What problems might the various RRs think are impediments to install CAT. Any RR person who looks at the NEC can see the very complicated wire work and the necessity to rebuild the rusting poles that were buried in the soil. Is that what a new installation of CAT look like? What the New Haven = BOS and Caltrain looks like is a closer example.

What is probably the most difficult procedure to installing CAT. IMO it is the potholing for the pole supports. That became a very difficult problem for the New Haven - Bos section as there were a lot of utilities and rock for planned locations that had to be moved. Caltrain did not have as many problems but still the San Fran terminal was the last to be completed due to unannounced reasons. Now the pole supports are concrete with connections way above ground level.

Potholes on single track are a problem if the machine is track mounted which is almost a requirement at certain locations. Once the potholes are done pole installation is easy but the same problem of installation of single-track locations is still a problem. Then installation of CAT hangers and wire a RR has the same problems.

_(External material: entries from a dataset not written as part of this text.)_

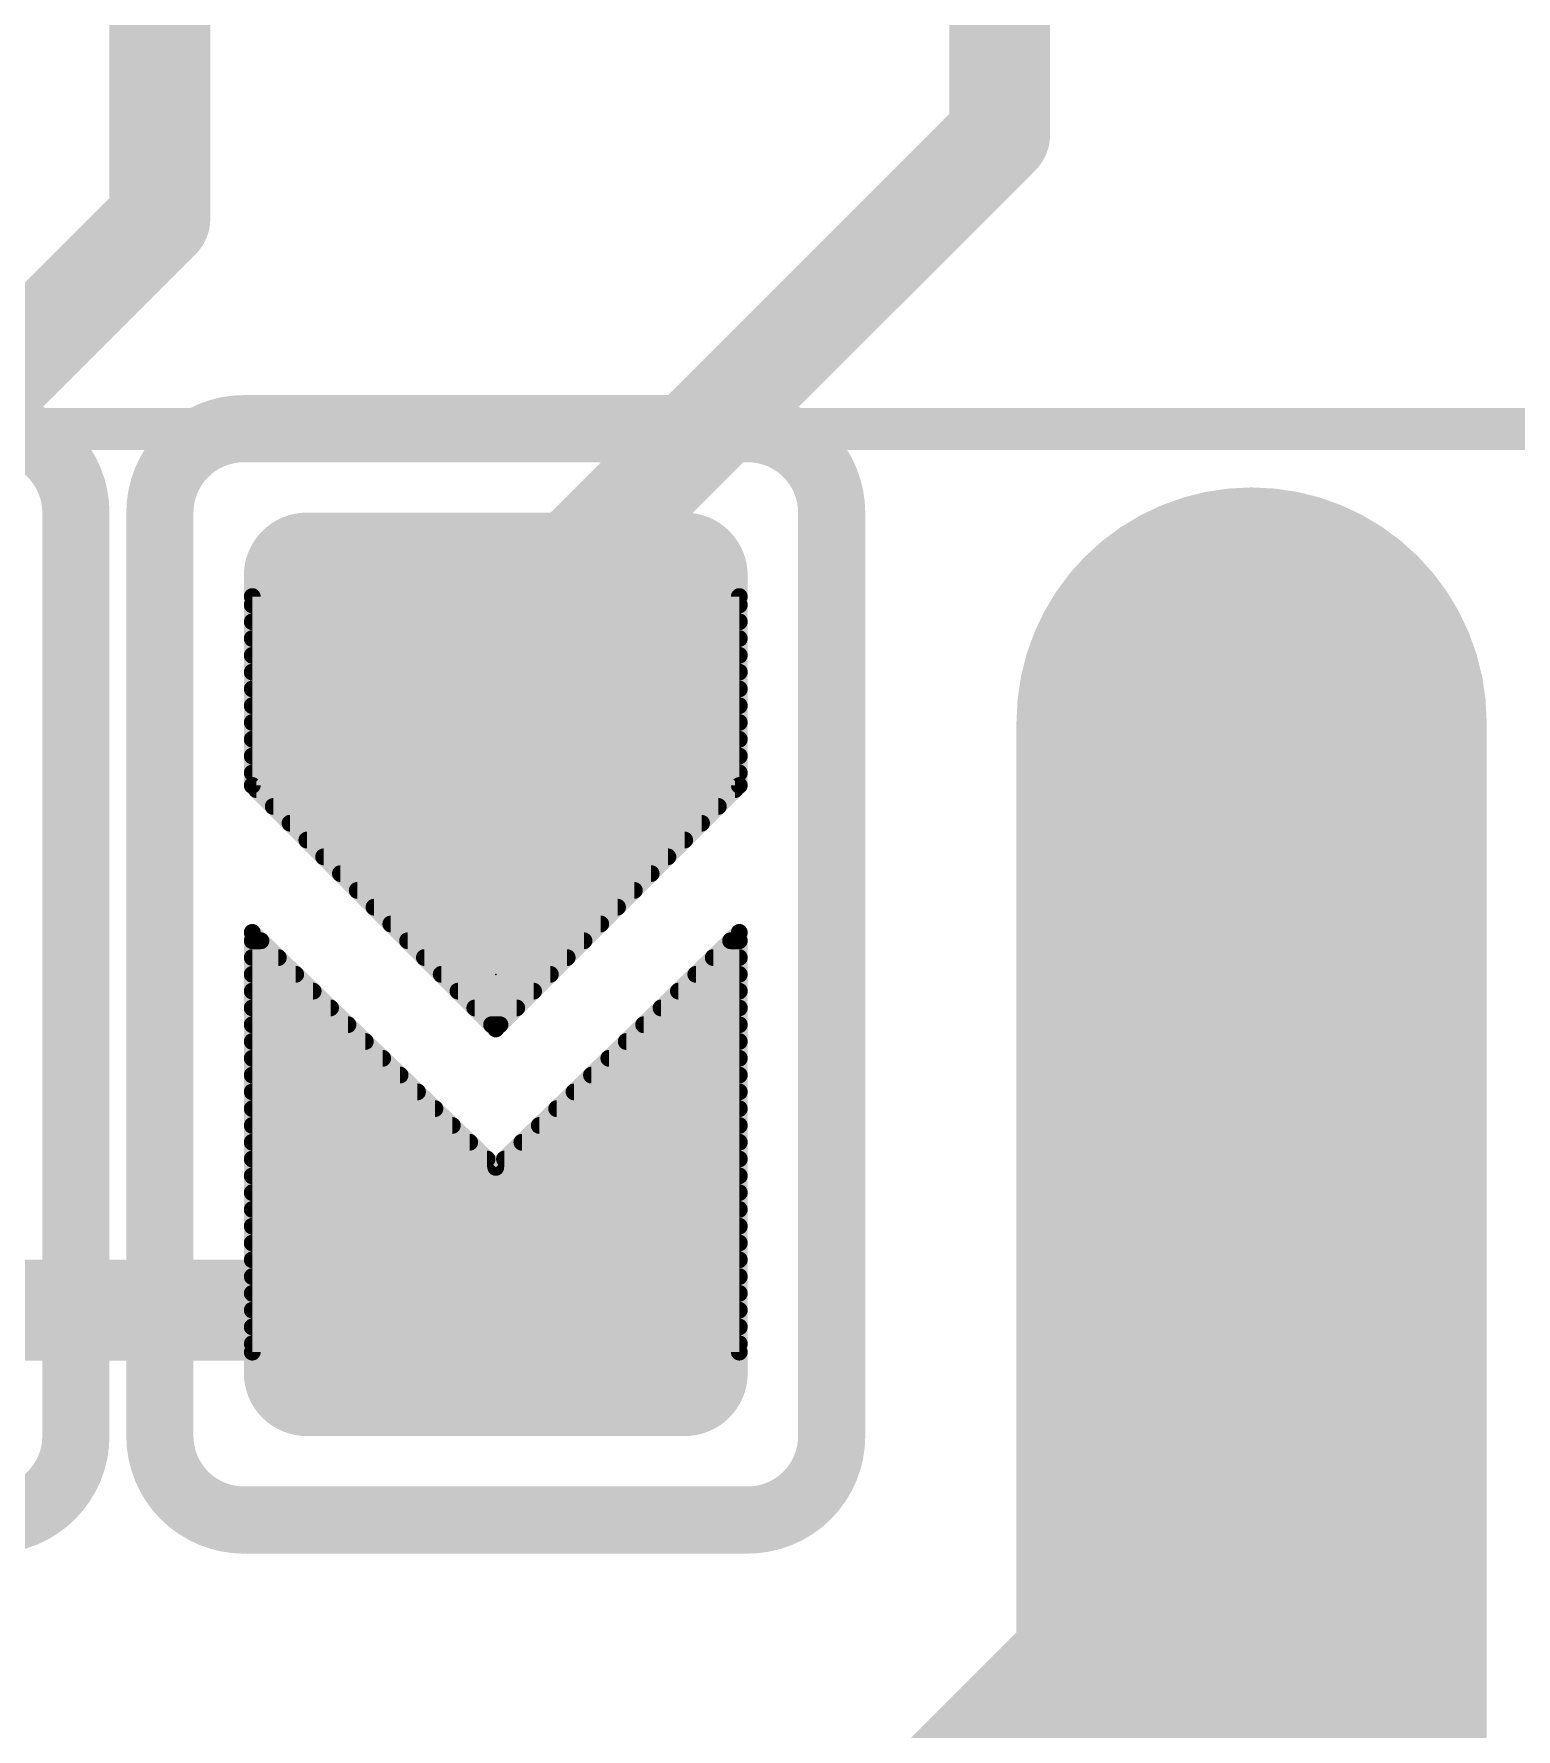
# Model space of a CAD drawing. Extents: x -6.8 to 73.8, y -5.2 to 32.2.
# Drawn here: x 31.37 to 35.85, y 15.5 to 20.63 of the extents above; entities that cross this region are included whole.
import ezdxf

# ---------------------------------------------------------------- set-up
doc = ezdxf.new("R2010")
doc.units = 0
for name, color, linetype in [('16', 132, 'CONTINUOUS'), ('20', 53, 'CONTINUOUS'), ('21', 40, 'CONTINUOUS'), ('22', 6, 'CONTINUOUS'), ('24', 53, 'CONTINUOUS')]:
    doc.layers.add(name, color=color, linetype=linetype)

# ---------------------------------------------------------------- blocks, each defined once
blk = doc.blocks.new('RECT121920X243840R50')
at = {"const_width": 0.1905}
blk.add_lwpolyline([(0.2858, -0.5715), (0.2858, 0.5715, 0.4142), (0.1905, 0.6668), (-0.1905, 0.6668, 0.4142), (-0.2858, 0.5715), (-0.2858, -0.5715, 0.4142), (-0.1905, -0.6668), (0.1905, -0.6668, 0.4142)], format="xyb", close=True, dxfattribs=at)
blk.add_solid([(-0.2159, -0.5969), (0.2159, -0.5969), (-0.2159, 0.5969), (0.2159, 0.5969)])

msp = doc.modelspace()

# ---------------------------------------------------------------- linework, layer by layer
at = {"layer": '16'}
for points, const_width in [([(31.75, 20.066), (31.75, 21.59)], 0.3048), ([(34.29, 20.32), (34.29, 21.59)], 0.3048), ([(32.766, 18.796), (34.29, 20.32)], 0.3048), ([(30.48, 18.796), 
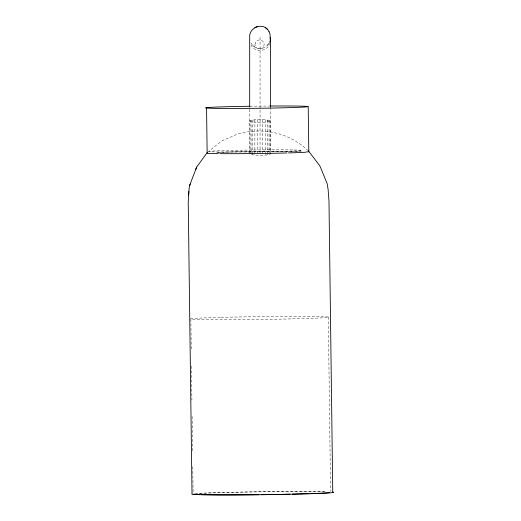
<?xml version="1.0" encoding="UTF-8"?>
<svg xmlns="http://www.w3.org/2000/svg" width="521" height="521" viewBox="0 0 521 521"><rect width="100%" height="100%" fill="white"/><g stroke="black" fill="none" stroke-linecap="round" stroke-linejoin="round"><path stroke-width="0.39" stroke-dasharray="2.6 1.95" d="M251.076 42.983C254.749 51.279 267.918 49.736 269.819 40.97M270.08 42.514C268.4 51.514 255.062 53.539 251.076 45.164M267.397 45.32L269.044 42.983M250.041 120.631L249.689 120.983L250.041 121.334C256.553 122.761 263.567 122.761 270.08 121.334L270.432 120.983L270.08 120.631C263.567 119.205 256.553 119.205 250.041 120.631L250.041 154.333C256.553 155.759 263.567 155.759 270.08 154.333L270.08 120.631M207.449 152.301L221.712 140.93L238.488 133.695L240.533 133.298C264.167 127.117 290.177 133.474 307.839 150.471M325.26 491.876L306.413 491.577A69.547 1.446 -0.7 0 0 238.559 492.202L209.221 492.996A67.737 1.413 -0.7 0 0 196.586 493.621M252.724 45.32L254.873 47.111M328.308 317.055L330.568 491.42M300.754 150.445A45.874 0.957 -0.7 0 1 227.846 152.047A45.874 0.957 -0.7 0 1 236.951 150.282A45.874 0.957 -0.7 0 1 300.754 150.445L300.773 152.015M190.855 319.067L191.266 350.698M191.468 366.107L191.91 400.167M192.119 416.39L192.568 451.258M192.77 466.666L193.109 492.619M270.432 106.994L270.432 153.982M269.044 120.305L269.044 153.851M267.397 120.025L267.397 154.939M265.248 119.817L265.248 155.154M262.747 119.68L262.747 153.675M260.057 37.336L260.057 153.721M257.374 119.68L257.374 153.675M254.873 119.817L254.873 155.154M252.724 120.025L252.724 154.939M251.076 120.305L251.076 153.851M249.689 109.325L249.689 153.982M194.502 493.68A70.823 1.478 -0.7 0 1 255.049 491.844A70.823 1.478 -0.7 0 1 324.661 491.707M249.859 106.264A51.169 1.068 -0.7 0 1 269.793 106.024M308.315 151.989A51.169 1.068 -0.7 0 1 305.566 152.223M219.328 153.649A51.169 1.068 -0.7 0 1 217.908 153.636M216.866 152.347A51.169 1.068 -0.7 0 1 302.226 151.344M305.905 151.455A51.169 1.068 -0.7 0 1 308.582 151.637M218.371 152.399A45.874 0.957 -0.7 0 1 265.202 151.429A45.874 0.957 -0.7 0 1 300.174 151.722M255.179 43.315C253.375 48.967 262.656 51.605 263.926 45.731C265.723 40.078 256.443 37.44 255.179 43.315M220.279 317.4L206.954 317.823A67.737 1.413 -0.7 0 0 194.665 319.38L215.023 319.725A69.547 1.446 -0.7 0 0 282.877 319.099L312.209 318.298A67.737 1.413 -0.7 0 0 324.498 316.742L304.14 316.397A69.547 1.446 -0.7 0 0 236.287 317.022L220.279 317.4"/><path stroke-width="0.78" d="M188.602 195.707L189.169 187.99L190.126 184.134M188.823 191.481L188.237 202.428L192.021 493.96A70.823 1.478 -0.7 0 0 263.574 494.676A70.823 1.478 -0.7 0 0 332.437 492.091M270.165 39.563L270.08 34.419L269.044 31.696M270.165 41.804L270.432 39.674M195.681 169.651L196.678 167.039L207.449 152.301M189.611 185.489L196.678 167.039M269.044 31.729C264.46 21.602 248.732 26.74 249.689 37.375L249.689 106.994M254.873 27.6L257.374 26.473M308.992 493.654L292.353 494.11M310.562 493.602L314.482 493.478A67.737 1.413 -0.7 0 0 329.715 492.619M289.95 494.162L285.15 494.279A69.547 1.446 -0.7 0 1 261.301 494.67M199.94 494.637L196.945 494.559A67.737 1.413 -0.7 0 1 193.122 494.247M201.445 494.676L217.29 494.898A69.547 1.446 -0.7 0 0 258.93 494.696M265.248 27.6L267.397 29.397M308.471 150.953L319.627 165.541L320.682 167.755L327.168 183.737L328.106 189.39L328.979 200.943L332.763 492.475M308.217 106.681L308.803 151.917M206.557 107.756L207.143 152.992M270.432 37.336L270.432 106.994M270.607 106.017A51.169 1.068 -0.7 0 1 298.155 107.339A51.169 1.068 -0.7 0 1 213.369 108.335A51.169 1.068 -0.7 0 1 249.859 106.264M305.566 152.223A51.169 1.068 -0.7 0 1 288.387 152.913M286.934 152.953A51.169 1.068 -0.7 0 1 220.07 153.656M217.908 153.636A51.169 1.068 -0.7 0 1 207.365 153.265"/></g></svg>

Has Caltrain ever broken out the costs of installing the CAT?


----------



## cirdan (Feb 20, 2022)

west point said:


> What problems might the various RRs think are impediments to install CAT. Any RR person who looks at the NEC can see the very complicated wire work and the necessity to rebuild the rusting poles that were buried in the soil. Is that what a new installation of CAT look like? What the New Haven = BOS and Caltrain looks like is a closer example.
> 
> What is probably the most difficult procedure to installing CAT. IMO it is the potholing for the pole supports. That became a very difficult problem for the New Haven - Bos section as there were a lot of utilities and rock for planned locations that had to be moved. Caltrain did not have as many problems but still the San Fran terminal was the last to be completed due to unannounced reasons. Now the pole supports are concrete with connections way above ground level.
> 
> ...



Times have moved on since the Pennsy started electrifying the NEC. The drilling of holes is a process that can be largely automated and very little pick and shovel work is needed. Buried utilities and other surprises can be detected with ultra-sound and other methods.


----------



## jis (Feb 20, 2022)

I have noticed that outfits like Indian Railways which have a large Office of Railway Electrification with well trained staff with great deal of field practice tends to do such things quite swiftly while turnkey projects using contractors with who knows what amount of field practice and experience stumble all over the place. Actually Network Rail in UK have arrived at a conclusion that it is better to have a standing organization for electrification that works progressively from one project to the next instead of hiring a new set of people to do each project. There is something to be said for that I suppose.


----------



## MARC Rider (Feb 20, 2022)

cirdan said:


> Times have moved on since the Pennsy started electrifying the NEC. The drilling of holes is a process that can be largely automated and very little pick and shovel work is needed. Buried utilities and other surprises can be detected with ultra-sound and other methods.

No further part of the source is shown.